[Records supplied]

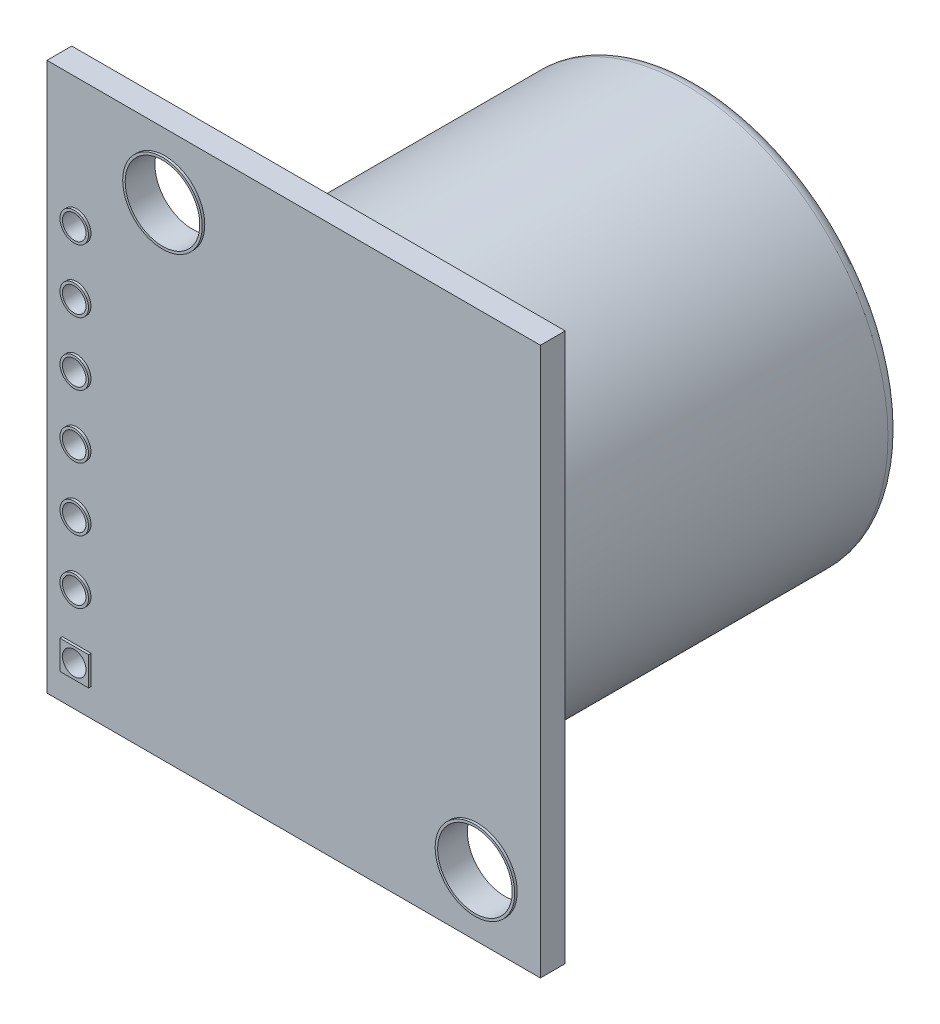
SolidWorks part; units mm, degrees
ref_plane "Front Plane" through (0, 0, 0) normal (0, 0, 1) x (1, 0, 0)
ref_plane "Top Plane" through (0, 0, 0) normal (0, 1, 0) x (1, 0, 0)
ref_plane "Right Plane" through (0, 0, 0) normal (1, 0, 0) x (0, 0, -1)
sketch "Sketch1" plane through (0, 0, 0) normal (0, 0, 1) x (1, 0, 0)
  line L0 (7.41, -6.4011) -> (7.41, 49993.5989) construction
  line L1 (-9.95, 11.05) -> (9.95, 11.05)
  line L2 (-9.95, 11.05) -> (-9.95, -11.05)
  line L3 (-9.95, -11.05) -> (9.95, -11.05)
  line L4 (9.95, 11.05) -> (9.95, -11.05)
  line L5 (-9.95, 11.05) -> (9.95, -11.05) construction
  line L6 (-9.95, -11.05) -> (9.95, 11.05) construction
  line L7 (7.41, -8.51) -> (50007.41, -8.51) construction
  line L8 (-5.221, 8.49) -> (49994.779, 8.49) construction
  line L9 (-5.19, 8.49) -> (-5.19, -49991.51) construction
  line L10 (-9.95, -9.35) -> (49990.05, -9.35) construction
  line L11 (-8.75, -9.35) -> (-8.75, -50009.35) construction
  circle A0 centre (-5.19, 8.49) radius 1.55
  circle A1 centre (7.41, -8.51) radius 1.55
  circle A2 centre (-8.75, -9.35) radius 0.5
  circle A3 centre (-8.75, -6.81) radius 0.5
  circle A4 centre (-8.75, -4.27) radius 0.5
  circle A5 centre (-8.75, -1.73) radius 0.5
  circle A6 centre (-8.75, 0.81) radius 0.5
  circle A7 centre (-8.75, 3.35) radius 0.5
  circle A8 centre (-8.75, 5.89) radius 0.5
  point P0 (0, 0)
  dimension "D7" = 3.1
  dimension "D10" = 1
  dimension "D1" = 22.1
  dimension "D2" = 19.9
  dimension "D3" = 2.54
  dimension "D4" = 2.54
  dimension "D5" = 17
  dimension "D6" = 12.6
  dimension "D8" = 1.7
  dimension "D9" = 18.7
  dimension "D11" = 7
extrude "Boss-Extrude1" add sketch "Sketch1" along normal blind 1
ref_plane "Plane1" through (0, 0, -0.3) normal (0, 0, -1) x (-1, 0, 0)
sketch "Sketch2" plane through (0, 0, -0.3) normal (0, 0, -1) x (-1, 0, 0)
  circle A0 centre (-0.5659, -0.3265) radius 8.2
  dimension "D1" = 16.4
extrude "Boss-Extrude2" add sketch "Sketch2" along normal blind 14.4 separate body
fillet "Fillet1" radius 0.5 1 edges at (-7.6341, -0.3265, -14.7)
shell "Shell1" thickness 0.1 removed face at (-7.6341, -0.3265, -0.3) removed face at (-7.1341, -0.3265, -14.7)
sketch "Sketch3" plane through (0, 0, 0) normal (0, 0, -1) x (-1, 0, 0)
  line L1 (9.3311, -9.9311) -> (8.1689, -9.9311)
  line L2 (9.3311, -9.9311) -> (9.3311, -8.7689)
  line L3 (9.3311, -8.7689) -> (8.1689, -8.7689)
  line L4 (8.1689, -9.9311) -> (8.1689, -8.7689)
  line L5 (9.3311, -9.9311) -> (8.1689, -8.7689) construction
  line L6 (9.3311, -8.7689) -> (8.1689, -9.9311) construction
  circle A0 centre (-7.41, -8.51) radius 1.505
  circle A1 centre (5.19, 8.49) radius 1.505
  circle A2 centre (8.75, 5.89) radius 0.475
  circle A3 centre (8.75, 3.35) radius 0.475
  circle A4 centre (8.75, 0.81) radius 0.475
  circle A5 centre (8.75, -1.73) radius 0.475
  circle A6 centre (8.75, -4.27) radius 0.475
  circle A7 centre (8.75, -6.81) radius 0.475
  circle A8 centre (8.75, -9.35) radius 0.475
  circle A9 centre (-7.41, -8.51) radius 1.605
  circle A10 centre (5.19, 8.49) radius 1.605
  circle A11 centre (8.75, 5.89) radius 0.575
  circle A12 centre (8.75, 3.35) radius 0.575
  circle A13 centre (8.75, 0.81) radius 0.575
  circle A14 centre (8.75, -1.73) radius 0.575
  circle A15 centre (8.75, -4.27) radius 0.575
  circle A16 centre (8.75, -6.81) radius 0.575
  dimension "D1" = 0.1
  dimension "D2" = 1.15
  dimension "D3" = 3.01
  dimension "D4" = 3.01
  dimension "D5" = 0.95
extrude "Boss-Extrude3" add sketch "Sketch3" along normal blind 0.1 and the other way blind 1.1
sketch "Sketch4" plane through (0, 0, 0) normal (0, 0, -1) x (-1, 0, 0)
  circle A0 centre (-0.5659, -0.3265) radius 7.7 construction
  circle A1 centre (-0.5659, -0.3265) radius 6.4226
extrude "Boss-Extrude4" add sketch "Sketch4" along normal blind 8 separate body
sketch "Sketch5" plane through (0, 0, -8) normal (0, 0, -1) x (-1, 0, 0)
  circle A0 centre (-0.5659, -0.3265) radius 4.7693
extrude "Cut-Extrude1" cut sketch "Sketch5" against normal blind 1
sketch "Sketch6" plane through (0, 0, -7) normal (0, 0, -1) x (-1, 0, 0)
  circle A0 centre (-0.5659, -0.3265) radius 4.6693
  circle A1 centre (-0.5659, -0.3265) radius 4.7693 construction
  dimension "D1" = 0.1
extrude "Boss-Extrude5" add sketch "Sketch6" along normal blind 3
fillet "Fillet2" radius 0.5 1 edges at (-4.1034, -0.3265, -10)
ref_plane "Plane2" through (0, 0, -14.7) normal (0, 0, -1) x (-1, 0, 0)
sketch "Sketch7" plane through (0, 0, -14.7) normal (0, 0, -1) x (-1, 0, 0)
  line L0 (-0.5659, -0.3265) -> (-0.5659, 49999.6735) construction
  line L1 (-0.5659, -0.3265) -> (-50000.5659, -0.3265) construction
  line L4 (-6.6607, -2.4267) -> (-6.7547, -2.4609)
  line L5 (-2.6661, -6.4213) -> (-2.7004, -6.5153)
  line L6 (1.5344, -6.4213) -> (1.5686, -6.5153)
  line L7 (5.5289, -2.4267) -> (5.623, -2.4609)
  line L8 (5.5289, 1.7738) -> (5.623, 1.808)
  line L9 (1.5344, 5.7683) -> (1.5686, 5.8624)
  line L10 (-2.6661, 5.7683) -> (-2.7004, 5.8624)
  line L11 (-6.6607, 1.7738) -> (-6.7547, 1.808)
  line L12 (-2.9934, -4.277) -> (-3.0459, -4.3625)
  line L13 (1.871, -4.283) -> (1.921, -4.3697)
  line L14 (3.3847, -2.754) -> (3.4701, -2.8065)
  line L15 (3.3907, 2.1104) -> (3.4774, 2.1604)
  line L16 (-4.5164, 2.1011) -> (-4.6019, 2.1536)
  line L17 (-4.5224, -2.7633) -> (-4.6091, -2.8134)
  line L18 (1.8617, 3.6241) -> (1.9142, 3.7095)
  line L19 (-3.0027, 3.6301) -> (-3.0528, 3.7168)
  line L20 (-6.6607, 1.7738) -> (-6.6493, 1.7699) construction
  line L21 (-1.4881, -3.0003) -> (-1.5209, -3.0956)
  line L22 (2.1082, -1.248) -> (2.2035, -1.2808)
  line L23 (0.3563, -3.0003) -> (0.3892, -3.0956)
  line L24 (1.5227, -6.3821) -> (1.5686, -6.5153) construction
  line L25 (5.5175, -2.4228) -> (5.5289, -2.4267) construction
  line L26 (-3.24, -1.248) -> (-3.3352, -1.2808)
  line L27 (-2.7004, 5.8624) -> (-2.6544, 5.7292) construction
  line L28 (-3.24, 0.595) -> (-3.3352, 0.6278)
  line L29 (0.3563, 2.3474) -> (0.3892, 2.4426)
  line L30 (2.1082, 0.595) -> (2.2035, 0.6278)
  line L31 (-1.4881, 2.3474) -> (-1.5209, 2.4426)
  circle A0 centre (-0.5659, -0.3265) radius 7.7
  circle A3 centre (-0.5659, -0.3265) radius 7.7 construction
  arc A9 (2.0291, -6.7199) -> (5.8276, -2.9215) centre (-0.5659, -0.3265) ccw
  arc A10 (1.7315, -5.9773) -> (5.085, -2.6238) centre (-0.5659, -0.3265) ccw
  arc A11 (-6.9593, -2.9215) -> (-6.7547, -2.4609) centre (-6.635, -2.7898) cw
  arc A12 (-2.7004, -6.5153) -> (-3.1609, -6.7199) centre (-3.0292, -6.3956) cw
  arc A13 (1.5344, -6.4213) -> (1.7315, -5.9773) centre (1.8633, -6.3016) cw
  arc A14 (5.5289, -2.4267) -> (5.085, -2.6238) centre (5.4092, -2.7556) ccw
  arc A15 (1.5686, -6.5153) -> (2.0291, -6.7199) centre (1.8975, -6.3956) ccw
  arc A16 (5.8276, -2.9215) -> (5.623, -2.4609) centre (5.5033, -2.7898) ccw
  arc A17 (-6.6607, -2.4267) -> (-6.2167, -2.6238) centre (-6.541, -2.7556) cw
  arc A18 (-2.6661, -6.4213) -> (-2.8632, -5.9773) centre (-2.995, -6.3016) ccw
  arc A19 (-2.8632, -5.9773) -> (-6.2167, -2.6238) centre (-0.5659, -0.3265) cw
  arc A20 (-3.1609, -6.7199) -> (-6.9593, -2.9215) centre (-0.5659, -0.3265) cw
  arc A21 (-3.1609, 6.067) -> (-6.9593, 2.2685) centre (-0.5659, -0.3265) ccw
  arc A22 (-2.8632, 5.3244) -> (-6.2167, 1.9709) centre (-0.5659, -0.3265) ccw
  arc A23 (-2.6661, 5.7683) -> (-2.8632, 5.3244) centre (-2.995, 5.6486) cw
  arc A24 (-6.6607, 1.7738) -> (-6.2167, 1.9709) centre (-6.541, 2.1027) ccw
  arc A25 (5.8276, 2.2685) -> (5.623, 1.808) centre (5.5033, 2.1369) cw
  arc A26 (1.5686, 5.8624) -> (2.0291, 6.067) centre (1.8975, 5.7427) cw
  arc A27 (5.5289, 1.7738) -> (5.085, 1.9709) centre (5.4092, 2.1027) cw
  arc A28 (1.5344, 5.7683) -> (1.7315, 5.3244) centre (1.8633, 5.6486) ccw
  arc A29 (-2.7004, 5.8624) -> (-3.1609, 6.067) centre (-3.0292, 5.7427) ccw
  arc A30 (-6.9593, 2.2685) -> (-6.7547, 1.808) centre (-6.635, 2.1369) ccw
  arc A31 (1.7315, 5.3244) -> (5.085, 1.9709) centre (-0.5659, -0.3265) cw
  arc A32 (2.0291, 6.067) -> (5.8276, 2.2685) centre (-0.5659, -0.3265) cw
  arc A33 (3.9643, -2.6691) -> (3.9632, 2.0182) centre (-0.5659, -0.3265) ccw
  arc A34 (3.2568, -2.2955) -> (3.2547, 1.6467) centre (-0.5659, -0.3265) ccw
  arc A35 (3.3907, 2.1104) -> (3.2547, 1.6467) centre (3.5657, 1.8073) ccw
  arc A36 (3.4774, 2.1604) -> (3.9632, 2.0182) centre (3.6524, 1.8573) cw
  arc A37 (3.3847, -2.754) -> (3.2568, -2.2955) centre (3.5679, -2.4558) cw
  arc A38 (3.9643, -2.6691) -> (3.4701, -2.8065) centre (3.6534, -2.5083) cw
  arc A39 (-2.9085, -4.8566) -> (-3.0459, -4.3625) centre (-2.7477, -4.5457) cw
  arc A40 (-2.9934, -4.277) -> (-2.535, -4.1491) centre (-2.6952, -4.4603) cw
  arc A41 (-2.535, -4.1491) -> (1.4073, -4.147) centre (-0.5659, -0.3265) ccw
  arc A42 (-2.9085, -4.8566) -> (1.7788, -4.8555) centre (-0.5659, -0.3265) ccw
  arc A43 (1.871, -4.283) -> (1.4073, -4.147) centre (1.5679, -4.458) ccw
  arc A44 (1.921, -4.3697) -> (1.7788, -4.8555) centre (1.6179, -4.5447) cw
  arc A45 (-5.096, 2.0162) -> (-4.6019, 2.1536) centre (-4.7851, 1.8554) cw
  arc A46 (-4.5164, 2.1011) -> (-4.3885, 1.6426) centre (-4.6997, 1.8029) cw
  arc A47 (-4.3885, 1.6426) -> (-4.3864, -2.2996) centre (-0.5659, -0.3265) ccw
  arc A48 (-5.096, 2.0162) -> (-5.0949, -2.6712) centre (-0.5659, -0.3265) ccw
  arc A49 (-4.5224, -2.7633) -> (-4.3864, -2.2996) centre (-4.6974, -2.4602) ccw
  arc A50 (-4.6091, -2.8134) -> (-5.0949, -2.6712) centre (-4.7841, -2.5103) cw
  arc A51 (1.7767, 4.2037) -> (1.9142, 3.7095) centre (1.616, 3.8928) cw
  arc A52 (1.8617, 3.6241) -> (1.4032, 3.4962) centre (1.5635, 3.8073) cw
  arc A53 (1.4032, 3.4962) -> (-2.539, 3.4941) centre (-0.5659, -0.3265) ccw
  arc A54 (1.7767, 4.2037) -> (-2.9106, 4.2026) centre (-0.5659, -0.3265) ccw
  arc A55 (-3.0027, 3.6301) -> (-2.539, 3.4941) centre (-2.6996, 3.8051) ccw
  arc A56 (-3.0528, 3.7168) -> (-2.9106, 4.2026) centre (-2.7497, 3.8918) cw
  circle A57 centre (-0.5659, -0.3265) radius 1
  arc A60 (0.5333, -2.5719) -> (1.6798, -1.4251) centre (-0.5659, -0.3265) ccw
  arc A61 (0.8726, -3.2964) -> (2.4045, -1.7642) centre (-0.5659, -0.3265) ccw
  arc A62 (0.8726, -3.2964) -> (0.3892, -3.0956) centre (0.72, -2.9814) cw
  arc A63 (0.3563, -3.0003) -> (0.5333, -2.5719) centre (0.6872, -2.8862) cw
  arc A64 (2.1082, -1.248) -> (1.6798, -1.4251) centre (1.9942, -1.5789) ccw
  arc A65 (2.2035, -1.2808) -> (2.4045, -1.7642) centre (2.0894, -1.6117) cw
  arc A66 (-3.3352, -1.2808) -> (-3.5362, -1.7642) centre (-3.2212, -1.6117) ccw
  arc A67 (-3.24, -1.248) -> (-2.8116, -1.4251) centre (-3.126, -1.5789) cw
  arc A68 (-1.4881, -3.0003) -> (-1.6651, -2.5719) centre (-1.8189, -2.8862) ccw
  arc A69 (-2.0044, -3.2964) -> (-1.5209, -3.0956) centre (-1.8518, -2.9814) ccw
  arc A70 (-2.0044, -3.2964) -> (-3.5362, -1.7642) centre (-0.5659, -0.3265) cw
  arc A71 (-1.6651, -2.5719) -> (-2.8116, -1.4251) centre (-0.5659, -0.3265) cw
  arc A72 (-1.6651, 1.9189) -> (-2.8116, 0.7721) centre (-0.5659, -0.3265) ccw
  arc A73 (-2.0044, 2.6435) -> (-3.5362, 1.1112) centre (-0.5659, -0.3265) ccw
  arc A74 (-2.0044, 2.6435) -> (-1.5209, 2.4426) centre (-1.8518, 2.3285) cw
  arc A75 (-1.4881, 2.3474) -> (-1.6651, 1.9189) centre (-1.8189, 2.2333) cw
  arc A76 (-3.24, 0.595) -> (-2.8116, 0.7721) centre (-3.126, 0.9259) ccw
  arc A77 (-3.3352, 0.6278) -> (-3.5362, 1.1112) centre (-3.2212, 0.9588) cw
  arc A78 (2.2035, 0.6278) -> (2.4045, 1.1112) centre (2.0894, 0.9588) ccw
  arc A79 (2.1082, 0.595) -> (1.6798, 0.7721) centre (1.9942, 0.9259) cw
  arc A80 (0.3563, 2.3474) -> (0.5333, 1.9189) centre (0.6872, 2.2333) ccw
  arc A81 (0.8726, 2.6435) -> (0.3892, 2.4426) centre (0.72, 2.3285) ccw
  arc A82 (0.8726, 2.6435) -> (2.4045, 1.1112) centre (-0.5659, -0.3265) cw
  arc A83 (0.5333, 1.9189) -> (1.6798, 0.7721) centre (-0.5659, -0.3265) cw
  point P108 (-0.5659, -0.3265)
  point P119 (1.7977, -1.141)
  point P124 (2.5541, -1.4016)
  point P137 (-3.6858, -1.4016)
  point P138 (-2.9295, -1.141)
  point P163 (-2.9295, 0.488)
  point P164 (-3.6858, 0.7487)
  point P165 (2.5541, 0.7487)
  point P166 (1.7977, 0.488)
  dimension "D1" = 0.8
  dimension "D2" = 0.8
  dimension "D5" = 0.35
  dimension "D3" = 1
  dimension "D4" = 0.8
  dimension "D6" = 0.35
  dimension "D8" = 2
  dimension "D9" = 0.35
  dimension "D7" = 4
extrude "Boss-Extrude6" add sketch "Sketch7" against normal blind 0.1

[/Records supplied]

- [Task instructions]:
Exactly as written, restate the lines above from the opening line through the one holding "0) x (0, 0, -1)", omitting the pictures.

- [Worked solution]:
SolidWorks part; units mm, degrees
ref_plane "Front Plane" through (0, 0, 0) normal (0, 0, 1) x (1, 0, 0)
ref_plane "Top Plane" through (0, 0, 0) normal (0, 1, 0) x (1, 0, 0)
ref_plane "Right Plane" through (0, 0, 0) normal (1, 0, 0) x (0, 0, -1)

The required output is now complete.